Thursday, August 07, 2008

Mad Men vs Patroclus: The Copywriting Smackdown

As time's wingèd chariot bundles inexorably towards the onset of my maternity leave, I find myself wondering what I'm going to do with the acres of free time I'm going to have for the next three months or so.

(What? Surely changing nappies and breastfeeding can't take up 24 hours of the day, every day! That would be madness!)

I'm gingerly testing the waters of the imminent lifestyle change by stepping up my television viewing. Not real, as-broadcast television, we don't have that at the moment, but DVDs and stuff.

And what better place to start than with Mad Men, a programme that not only is 'the nearest to genius television can get' (Metro), but in which several of the protagonists also have the same job as me - to wit, advertising copywriters.

This is where the similarities between me and the dramatis personae of Mad Men end, though, because after having viewed six episodes of Season One, I can confirm that there are some significant and probably insuperable differences in our working lives. Allow me to enumerate.

1. Office. The Mad Men office is chock-full of rich young men-about-town, the occasional silver fox and a horde of impeccably-coiffed fashionable secretarial ladies, all of whom spend their working day smoking, drinking cocktails, ravishing each other in well-appointed hotel rooms and making barbed comments about each other's dress sense, literary achievements, etc. In my office there's just me and the cat, and the cat is definitely the better groomed.

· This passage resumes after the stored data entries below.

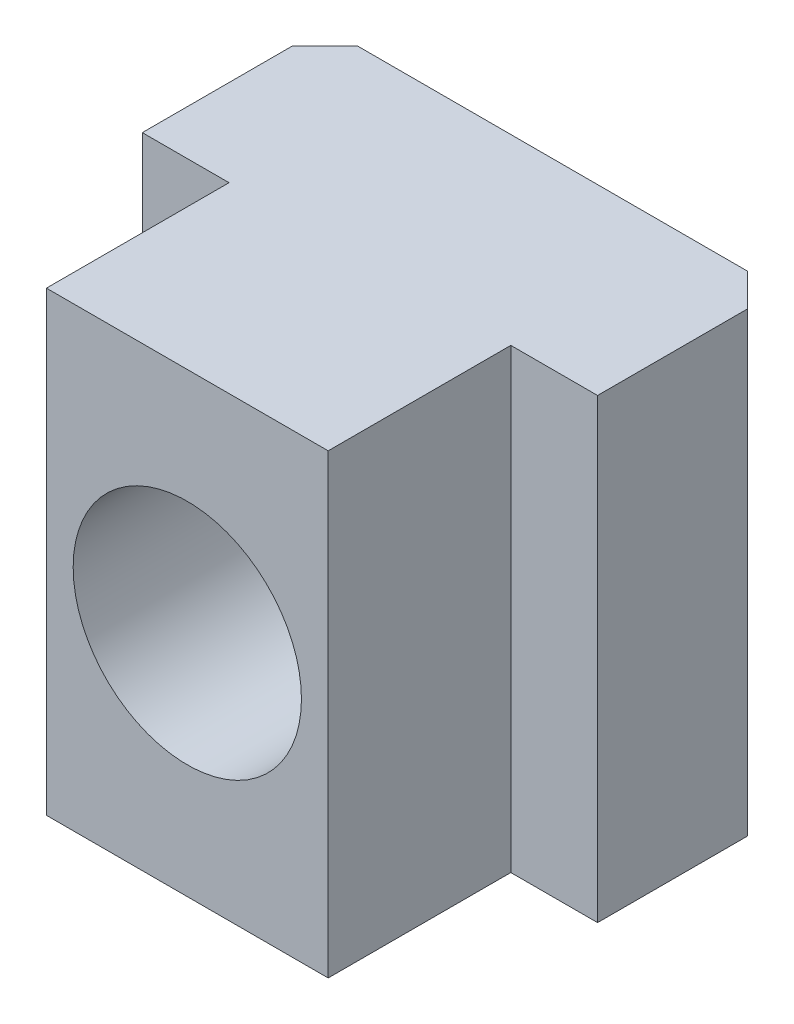
SolidWorks part; units mm, degrees
material "1.0553 (S355J0)"
ref_plane "XY Plane" through (0, 0, 0) normal (0, 0, 1) x (1, 0, 0)
ref_plane "XZ Plane" through (0, 0, 0) normal (0, 1, 0) x (1, 0, 0)
ref_plane "YZ Plane" through (0, 0, 0) normal (1, 0, 0) x (0, 0, -1)
sketch "Sketch1" plane through (0, 0, 0) normal (0, 1, 0) x (1, 0, 0)
  line L0 (-10.8, 0) -> (-17.45, 0)
  line L1 (-17.45, 0) -> (-17.45, 11.5)
  line L2 (-14.95, 14) -> (14.95, 14)
  line L3 (17.45, 11.5) -> (17.45, 0)
  line L4 (17.45, 0) -> (10.8, 0)
  line L5 (10.8, 0) -> (10.8, -14)
  line L6 (10.8, -14) -> (-10.8, -14)
  line L7 (-10.8, -14) -> (-10.8, 0)
  line L8 (0, -22.8019) -> (0, 20.8028) construction
  line L9 (-10.8, 0) -> (10.8, 0) construction
  line L10 (-17.45, 11.5) -> (-14.95, 14)
  line L11 (14.95, 14) -> (17.45, 11.5)
  point P4 (-17.45, 14)
  point P5 (17.45, 14)
  dimension "D1" = 14
  dimension "D2" = 28
  dimension "D3" = 21.6
  dimension "D4" = 34.9
extrude "Boss-Extrude1" add sketch "Sketch1" along normal mid plane 35
hole_wizard "M20 Tapped Hole1" positions "Sketch2" profile "Sketch3" tap size "M20" standard "ISO" end condition through all
sketch "Sketch2" plane through (0, 0, 14) normal (0, 0, 1) x (1, 0, 0)
  point P0 (0, 0)
sketch "Sketch3" plane through (0, 0, 14) normal (1, 0, 0) x (0, -1, 0)
  line L0 (0, 0) -> (0, 28)
  line L1 (0, 28) -> (8.75, 28)
  line L2 (8.75, 28) -> (8.75, 0)
  line L5 (8.75, 0) -> (0, 0)
  line L11 (0, -6.35) -> (0, 107.95) construction
  dimension "Thru Tap Drill Dia." = 17.5
  dimension "Thru Tap Drill Depth" = 28
cosmetic thread "Hole Thread1"
sketch "Sketch4" [suppressed] plane through (0, 0, 14) normal (0, 0, 1) x (1, 0, 0)
  line L0 (-17.45, 5.0886) -> (18.8816, 18.3122)
  line L1 (0, 0) -> (0, 17.5) construction
  line L2 (-10.8, 17.5) -> (10.8, 17.5) construction
  line L6 (-17.45, 17.5) -> (-17.45, -17.5) construction
  line L9 (-17.45, 18.3122) -> (-17.45, 5.0886)
  line L10 (-17.45, 18.3122) -> (18.8816, 18.3122)
  circle A0 centre (0, 0) radius 10.75 construction
  dimension "D2" = 21.5
  dimension "D1" = 70
extrude "Cut-Extrude1" [suppressed] cut sketch "Sketch4" against normal through all contours L0 L10 L9
pattern_circular "CirPattern1" [suppressed] count 2 every 180
fillet "Fillet1" [suppressed] radius 10

2. Client Meetings. In Mad Men, all client meetings go on for five minutes and unfold in exactly the same manner: the advertising team (who are all hungover) tell the client they don't have any ideas, the client gets a bit miffed, one of the advertising team berates the client for being female/stupid/Jewish/out of touch, and the client storms out in a huff. Later, someone has to save the account either by taking the client out to a strip club, or by sleeping with them, or both. By contrast, my client meetings are all at least an hour long, involve very long, very tedious powerpoint presentations littered with technical jargon and three letter acronyms, and end with the client requesting that I find some kind of common lexical ground between a photo of some peas and the notion of activity-based costing, which moreover must be expressed in a 'punchy' and 'compelling' fashion.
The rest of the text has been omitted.